» Task statement
The output should be all lines of the entries below in which the word "copper" occurs.

» Supplied data
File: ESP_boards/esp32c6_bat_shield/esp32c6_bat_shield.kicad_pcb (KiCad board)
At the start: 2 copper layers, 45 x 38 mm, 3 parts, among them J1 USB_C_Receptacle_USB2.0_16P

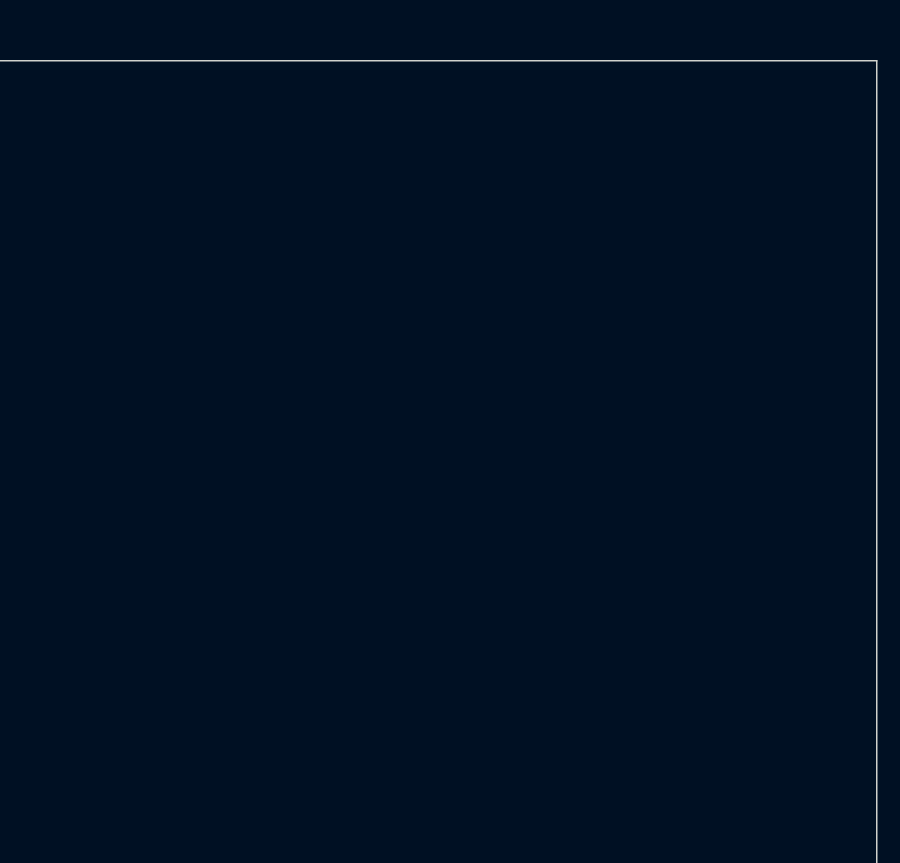
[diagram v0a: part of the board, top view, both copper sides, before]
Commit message: Added esp32c6-mini to library
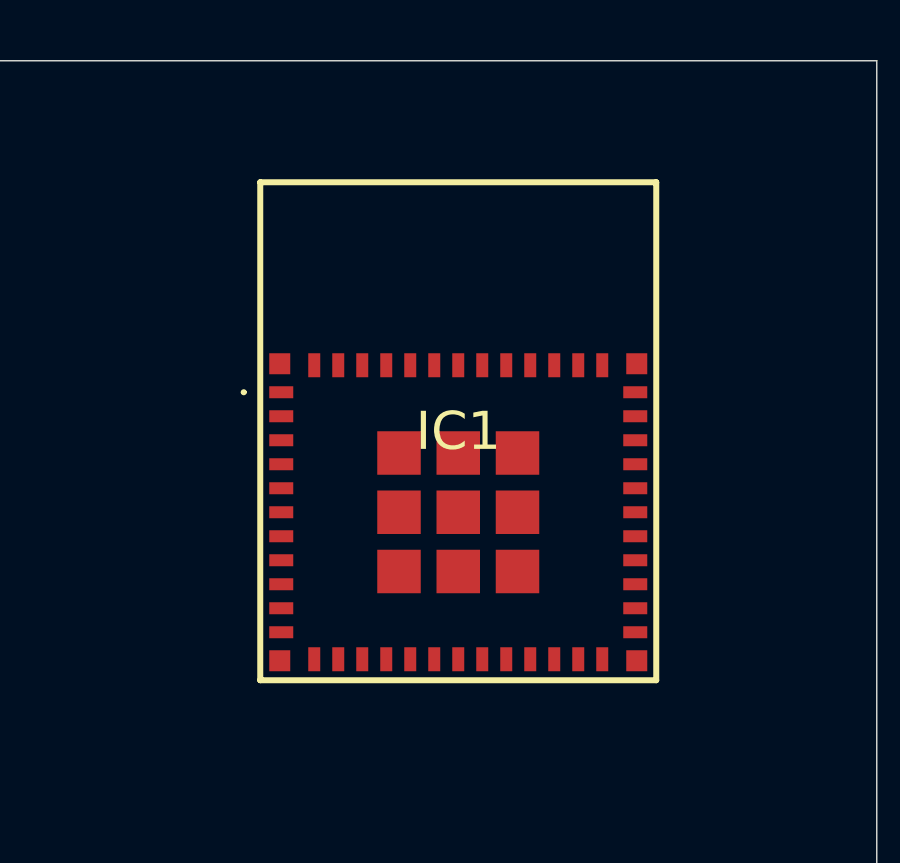
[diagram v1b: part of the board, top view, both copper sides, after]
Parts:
- added IC1: ESP32-C6-MINI-1-H4, MCU_espressif_moma:ESP32C6MINI1H4, F.Cu at (131.1, 62.4)

» Response area
At the start: 2 copper layers, 45 x 38 mm, 3 parts, among them J1 USB_C_Receptacle_USB2.0_16P
[diagram v0a: part of the board, top view, both copper sides, before]
[diagram v1b: part of the board, top view, both copper sides, after]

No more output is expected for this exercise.